To convert or map the probe set IDs to Entrez gene ID, we need to find the corresponding annotation package from
Bioconductor. For analyzed data, we need to use the hgu133plus2.db
and AnnotationDbi
databases.
We can install the package using following R command:
suppressMessages({if (!require("BiocManager", quietly = TRUE))
suppressWarnings(install.packages("BiocManager"))
suppressWarnings(BiocManager::install("hgu133plus2.db", update = F))
suppressWarnings(BiocManager::install("AnnotationDbi", update = F))
})
In the data processing section, we successfully downloaded the dataset GSE48350
and saved it to the data
sub-directory.
Now we can load the dataset and check for the Probe Set ID names by using the following command.

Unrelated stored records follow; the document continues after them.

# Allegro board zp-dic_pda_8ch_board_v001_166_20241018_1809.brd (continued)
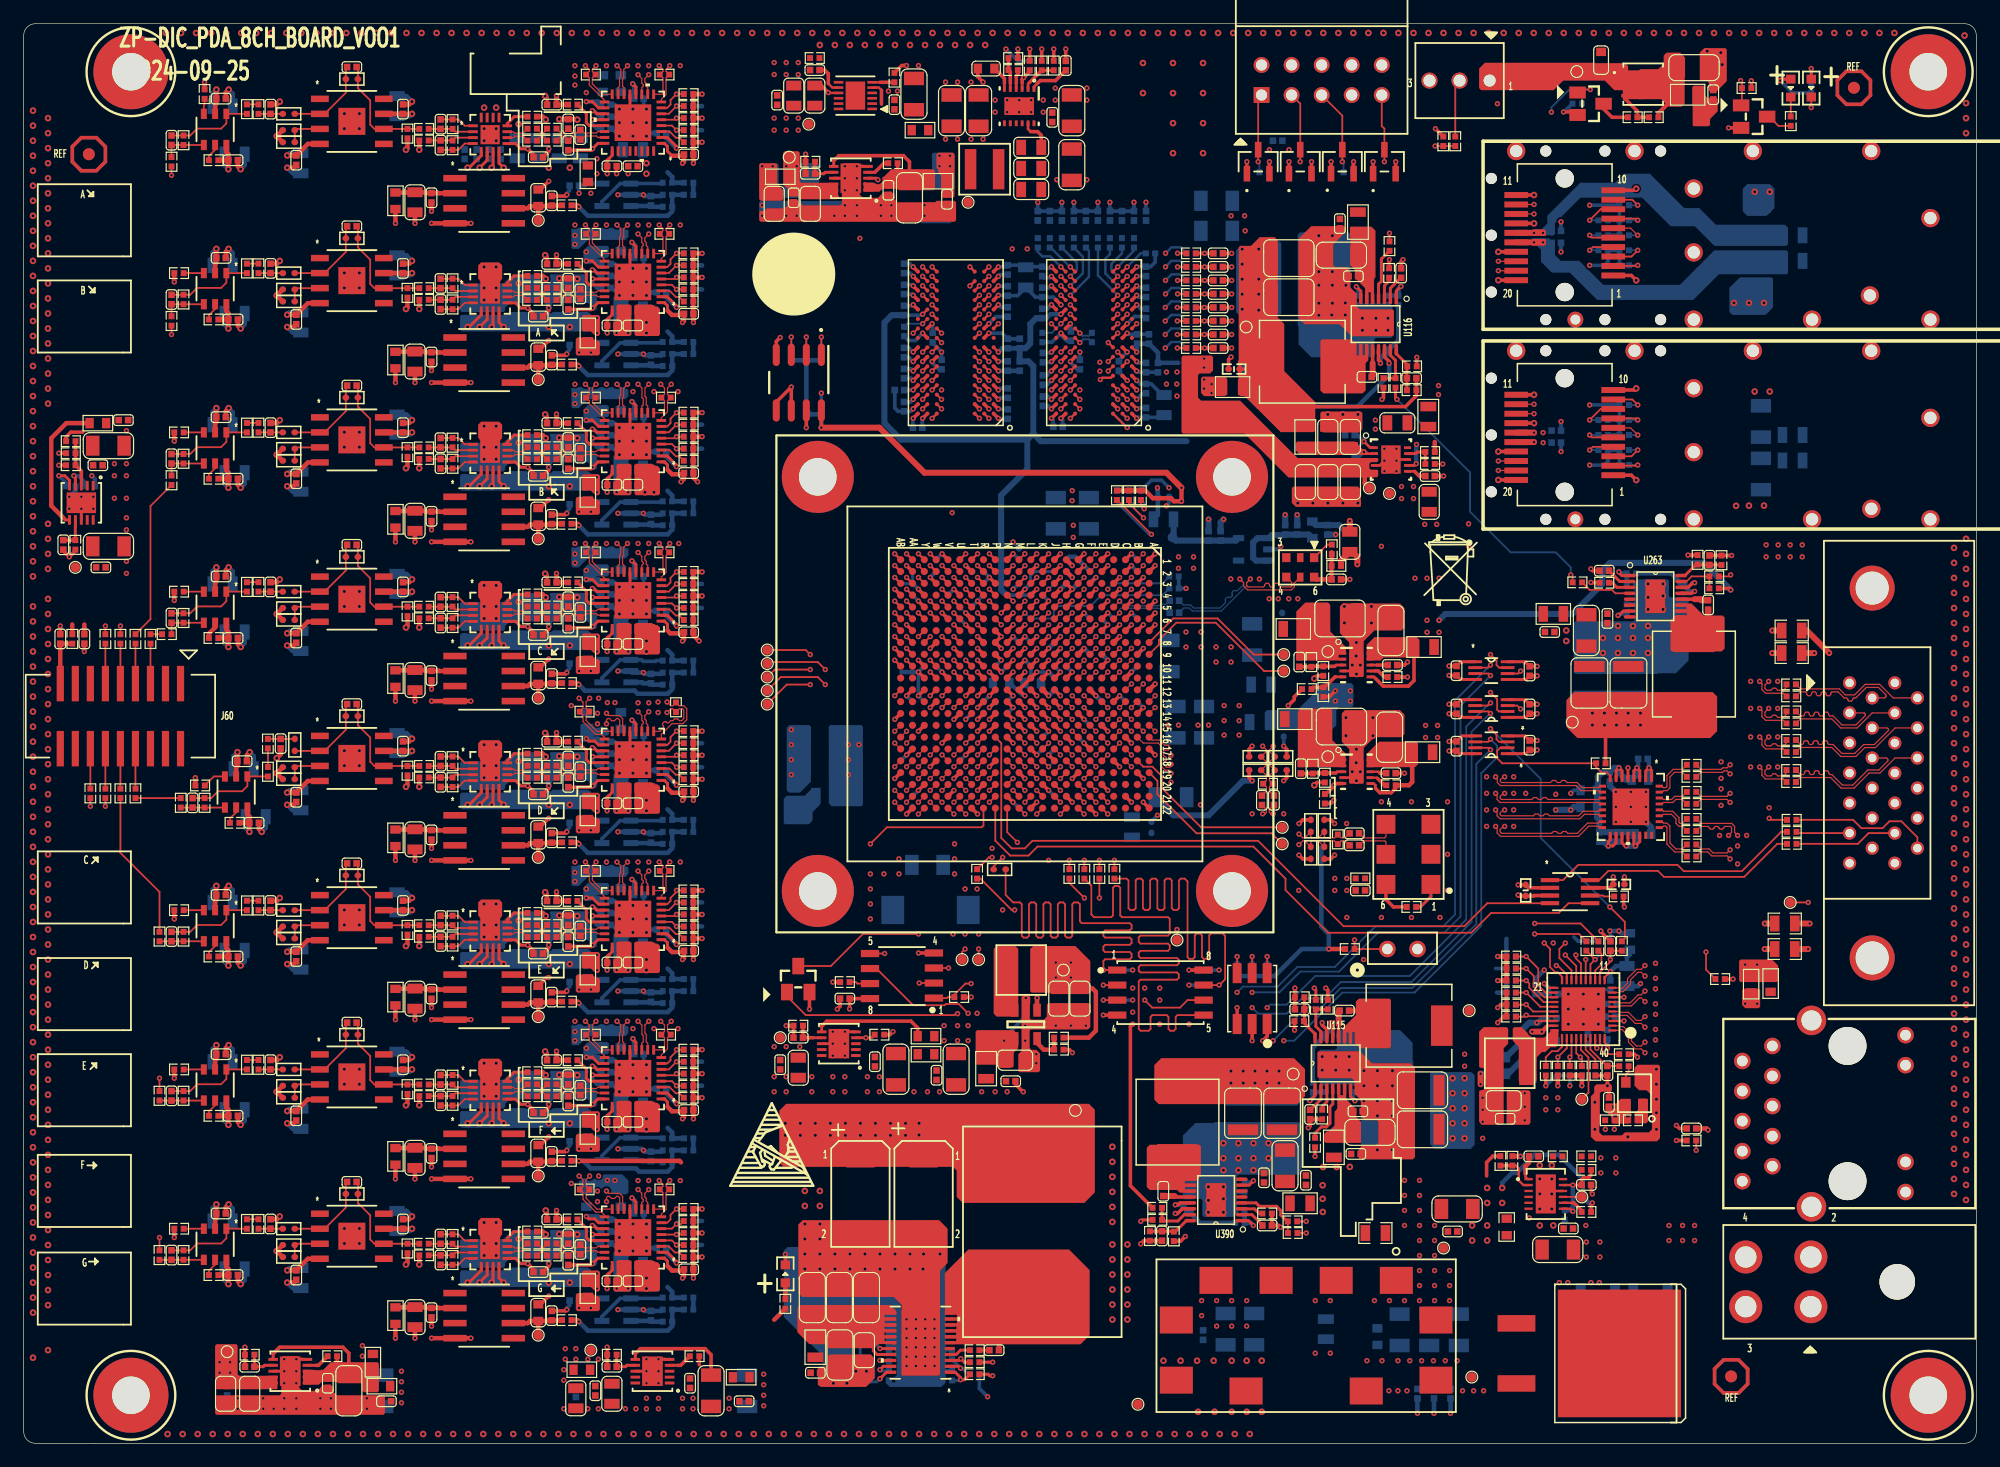
[diagram p0: board, top side]
## Routing (per net, layer and track width the routed paths; a pad name or vN(x,y) marks a point on that pad's centre or on a via; arc(x,y) is an arc through that point) (continued)
DDR3_A_D24: length 20.5
  TOP w0.203: U76.D7 v1(88.45,89.04) ; U1.N2 v1(83.6,74.19)
  ART03 w0.102: 88.05,86.43 88.05,87.75 88.15,87.85 88.75,87.85 88.85,87.95 88.85,88.16 88.75,88.26 88.15,88.26 88.05,88.36 88.05,88.64 v1(88.45,89.04)
  ART03 w0.165: v1(83.6,74.19) 83.6,74.58 83.18,75.01 83.18,75.53 83.42,75.77 83.86,75.77 84.03,75.93 84.03,76.55 87.35,79.87 87.35,81.36 88.54,82.55 88.54,85.94 88.05,86.43
DDR3_A_D25: length 18.4
  TOP w0.203: U1.L1 v1(85.6,75.19) ; U76.C3 v1(92.45,88.24)
  ART03 w0.102: v1(92.45,88.24) 92.75,88.24 92.85,88.14 92.85,87.27 92.61,87.04 92.41,87.04 92.38,87.01
  ART03 w0.165: v1(85.6,75.19) 85.6,75.64 86.31,76.35 86.81,76.35 88.56,78.1 88.89,78.1 89.94,79.15 89.94,79.98 91.99,82.03 91.99,84.59 91.88,84.71 91.88,86.52 92.37,87.01 92.38,87.01
DDR3_A_D26: length 25.2
  TOP w0.203: U76.C8 v1(87.65,88.24) ; U1.L5 v1(85.6,71.19)
  ART03 w0.102: 86.48,88.64 87.25,88.64 v1(87.65,88.24)
  ART03 w0.165: v1(85.6,71.19) 85.21,71.19 84.63,71.77 84.43,71.77 84.07,72.12 84.07,72.33 83.68,72.72 83.48,72.72 82.63,73.56 82.63,76.49 86.34,80.2 86.34,83.71 86.51,83.87 86.57,83.87 86.74,84.04 86.74,84.37 86.57,84.53 86.51,84.53 86.34,84.7 86.34,85.03 86.51,85.19 86.57,85.19 86.74,85.36 86.74,85.69 86.57,85.85 86.51,85.85 85.46,86.9 85.46,88.21 85.89,88.64 86.48,88.64
DDR3_A_D27: length 22.6
  TOP w0.203: U76.C2 v1(93.25,88.24) ; U1.L3 v1(85.6,73.19)
  ART03 w0.102: v1(93.25,88.24) 93.25,88.01 93.65,87.61 93.65,87.27 93.41,87.04 93.08,87.04 92.8,86.75
  ART03 w0.165: 92.8,86.75 92.56,86.75 92.35,86.54 92.35,85.22 92.46,85.1 92.46,84.94 92.62,84.78 92.76,84.78 92.92,84.61 92.92,84.28 92.76,84.12 92.62,84.12 92.46,83.95 92.46,83.62 92.62,83.46 92.76,83.46 92.92,83.29 92.92,82.96 92.76,82.8 92.62,82.8 92.46,82.63 92.46,81.83 90.55,79.92 90.55,77.74 89.97,77.16 88.56,77.16 87.47,76.07 86.77,76.07 86.1,75.41 86.1,73.69 v1(85.6,73.19)
DDR3_A_D28: length 22.4
  TOP w0.203: U1.M3 v1(84.6,73.19) ; U76.A7 v1(88.45,86.64)
  ART03 w0.165: v1(84.6,73.19) 84.6,73.43 84.03,74 84.03,75.34 84.5,75.82 84.5,76.36 87.82,79.68 87.82,80.36 88.22,80.76 88.22,81 88.05,81.17 88.05,81.4 88.28,81.63 88.52,81.63 88.67,81.48 88.91,81.48 89.07,81.64 89.07,81.92 88.97,82.02 88.97,82.34 89.14,82.51 89.8,82.51 89.96,82.67 89.96,84.22 90.23,84.49 90.23,85.05 90.07,85.21 89.58,85.21 89.42,85.38 89.42,85.71 89.58,85.87 90.02,85.87 90.19,86.04 90.19,86.78 90.02,86.95 89.79,86.95 89.58,86.74 89.2,86.74 88.9,87.05 88.61,87.05 88.45,86.88 v1(88.45,86.64)
DDR3_A_D29: length 20.1
  TOP w0.203: U76.A2 v1(93.25,86.64) ; U1.K1 v1(86.6,75.19)
  ART03 w0.165: v1(93.25,86.64) 92.82,86.21 92.82,85.62 93.56,84.88 93.93,84.88 94.09,84.71 94.09,84.38 93.93,84.22 93.56,84.22 93.39,84.05 93.39,83.72 93.56,83.56 93.93,83.56 94.09,83.39 94.09,83.06 93.93,82.9 93.56,82.9 93.39,82.73 93.39,81.83 92.95,81.39 92.69,81.39 92.35,81.06 92.35,80.79 92.02,80.46 91.75,80.46 91.42,80.12 91.42,79.86 91.17,79.61 91.17,79.37 91.33,79.21 91.34,79.21 91.49,79.06 91.49,78.86 91.34,78.71 91.16,78.71 91.02,78.57 91.02,77.54 89.64,76.16 88.36,76.16 87.9,75.69 86.77,75.69 86.6,75.53 v1(86.6,75.19)
DDR3_A_D30: length 21.7
  TOP w0.203: U1.N3 v1(83.6,73.19) ; U76.B8 v1(87.65,87.44)
  ART03 w0.102: v1(87.65,87.44) 87.65,87.67 87.35,87.97 87.24,87.97 87.11,87.84 86.66,87.84 86.44,88.06
  ART03 w0.165: v1(83.6,73.19) 83.75,73.34 83.75,73.57 83.58,73.74 83.12,73.74 82.91,73.95 82.91,76.1 86.81,80 86.81,81.82 87.55,82.56 87.55,85.59 86.93,86.21 86.67,86.21 85.82,87.06 85.82,87.67 86.21,88.06 86.44,88.06
DDR3_A_D31: length 20.4
  TOP w0.203: v1(93.25,85.86) 93.23,85.86 U76.A3 ; U1.K2 v1(86.6,74.19)
  ART03 w0.165: v1(93.25,85.86) 93.61,85.86 93.71,85.76 93.94,85.76 94.15,85.98 94.39,85.98 94.62,85.74 94.62,85.51 94.41,85.3 94.41,85.06 94.56,84.91 94.56,82.33 91.96,79.73 91.96,77.81 89.76,75.62 89.29,75.62 89.12,75.45 89.12,75.11 88.78,74.77 86.77,74.77 86.6,74.6 v1(86.6,74.19)
DDR3_A_DM0: length 21.7
  TOP w0.203: U1.AB1 v1(73.6,75.19) ; U75.E7 v1(76.76,89.84)
  ART08 w0.102: v1(76.76,89.84) 76.36,90.24 74.72,90.24
  ART08 w0.165: 74.72,90.24 74.56,90.08 74.56,89.01 73.73,88.18 73.73,87.81 73.9,87.65 74.56,87.65 74.72,87.48 74.72,87.15 74.56,86.99 73.9,86.99 73.73,86.82 73.73,85.47 73.68,85.47 73.02,84.81 73.02,79.11 72.77,78.86 72.77,77.13 72.93,76.97 73.1,76.97 73.26,76.8 73.26,76.47 73.1,76.31 73.06,76.31 72.89,76.14 72.89,75.91 v1(73.6,75.19)
DDR3_A_DM1: length 23.5
  TOP w0.203: U75.D3 v1(80.76,89.04) ; U1.U3 v1(78.6,73.19)
  ART03 w0.165: v1(80.76,89.04) 79.87,88.14 79.87,86.21 81.76,84.31 82.3,84.31 82.47,84.15 82.47,83.82 82.3,83.65 81.76,83.65 81.59,83.49 81.59,83.24 81.76,83.08 82.05,83.08 82.22,82.91 82.22,82.58 82.05,82.42 81.76,82.42 81.59,82.25 81.59,81.43 81.43,81.26 81,81.26 80.57,80.83 80.57,80.62 80.74,80.45 81.29,80.45 81.45,80.29 81.45,79.96 81.29,79.79 80.74,79.79 80.57,79.63 80.57,78.02 78.76,76.21 78.76,74.7 79.04,74.42 79.04,73.99 78.6,73.55 v1(78.6,73.19)
DDR3_A_DM2: length 25.9
  TOP w0.203: U1.P1 v1(81.6,75.19) ; U76.E7 v1(88.45,89.84)
  ART08 w0.102: v1(88.45,89.84) 88.05,89.44 88.05,86.43
  ART08 w0.165: 88.05,86.43 87.22,85.6 87.22,85.37 87.54,85.05 87.54,84.81 87.31,84.58 87.08,84.58 86.75,84.9 86.48,84.9 86.09,84.51 86.09,84.28 86.66,83.7 86.66,83.47 87.09,83.04 87.09,82.12 86.93,81.96 85.81,81.96 85.43,81.58 85.43,80.91 85.72,80.63 86.97,80.63 87.13,80.46 87.13,80.13 86.97,79.97 86.1,79.97 85.94,79.8 85.94,77.66 85.1,76.83 84.87,76.83 84.7,76.99 84.47,76.99 84.23,76.76 84.23,76.53 84.4,76.36 84.4,76.12 84.04,75.77 83.58,75.77 83,75.19 v1(81.6,75.19)
DDR3_A_DM3: length 23.3
  TOP w0.203: U76.D3 v1(92.45,89.04) ; U1.K3 v1(86.6,73.19)
  ART03 w0.102: 94.61,87.44 94.21,87.84 93.88,87.84 93.65,88.07 93.65,88.41 93.41,88.64 92.85,88.64 v1(92.45,89.04)
  ART03 w0.165: 94.61,87.44 95.09,86.96 95.09,82.2 92.47,79.58 92.47,77.66 90.12,75.3 90.12,75.1 89.67,74.65 89.46,74.65 89.15,74.34 89.15,74.14 88.7,73.69 87.1,73.69 v1(86.6,73.19)
DDR3_A_DQS0_N: length 24.4
  TOP w0.165: U75.G3 v1(80.76,91.44) ; U1.Y2 v1(75.6,74.19)
  ART08 w0.102: 75.89,74.01 76.01,74.13 76.01,75.28 76,75.29 76,75.46 76.04,75.5 76.04,75.51 76.06,75.53
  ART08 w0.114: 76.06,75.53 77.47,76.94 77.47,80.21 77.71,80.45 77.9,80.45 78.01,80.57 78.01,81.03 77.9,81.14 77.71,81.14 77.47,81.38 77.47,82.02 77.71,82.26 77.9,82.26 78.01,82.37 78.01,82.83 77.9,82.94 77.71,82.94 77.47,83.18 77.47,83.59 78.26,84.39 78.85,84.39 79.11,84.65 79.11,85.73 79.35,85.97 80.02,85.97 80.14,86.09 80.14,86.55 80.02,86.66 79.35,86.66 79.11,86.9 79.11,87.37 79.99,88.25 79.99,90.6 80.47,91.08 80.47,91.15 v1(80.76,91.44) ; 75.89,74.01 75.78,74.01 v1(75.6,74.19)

data = readRDS("./data/GSE48350.rds")
expression_data = data$expression_data
probeIDs = rownames(expression_data)
head(probeIDs)
- '1007_s_at'
- '1053_at'
- '117_at'
- '121_at'
- '1255_g_at'
- '1294_at'
Mapping probe IDs into gene identifiers and symbols.#
For pathway analysis, databases like Gene Ontology and KEGG use gene symbol annotation. Therefore, Probe set IDs should be mapped to gene symbol to be used in the later submodules. We can use the pre-annotated databases which are available from Bioconductor to map the probe IDs to the gene symbol. AnnotationDbi
is an R package that provides an interface for connecting and querying various annotation databases using SQLite data storage while hgu133plus2.db
is database to perform Probe IDs to gene symbol mapping for human data. We can use the following command to map the Probe set IDs:
suppressMessages({
library(hgu133plus2.db)
library(AnnotationDbi)
})
suppressMessages({
annotLookup <- AnnotationDbi::select(hgu133plus2.db, keys = probeIDs, columns = c('PROBEID','GENENAME','SYMBOL'))
})
head(annotLookup)
PROBEID | GENENAME | SYMBOL | |
---|---|---|---|
<chr> | <chr> | <chr> | |
1 | 1007_s_at | discoidin domain receptor tyrosine kinase 1 | DDR1 |
2 | 1053_at | replication factor C subunit 2 | RFC2 |
3 | 117_at | heat shock protein family A (Hsp70) member 6 | HSPA6 |
4 | 121_at | paired box 8 | PAX8 |
5 | 1255_g_at | guanylate cyclase activator 1A | GUCA1A |
6 | 1294_at | ubiquitin like modifier activating enzyme 7 | UBA7 |
We can check the number of probe IDs that mapped to the unique gene symbols using the following command:
# Check number of the probe IDs
print(paste0("There are ",length(unique(annotLookup$PROBEID))," probe IDs that mapped to ",length(unique(annotLookup$SYMBOL))," gene symbols"))
[1] "There are 54675 probe IDs that mapped to 22189 gene symbols"
From the lookup table we can spot that a single gene symbol can be mapped to multiple probe IDs. In the next submodule, we will discuss how these mapped gene symbols can be used to identify which genes are differentially expressed.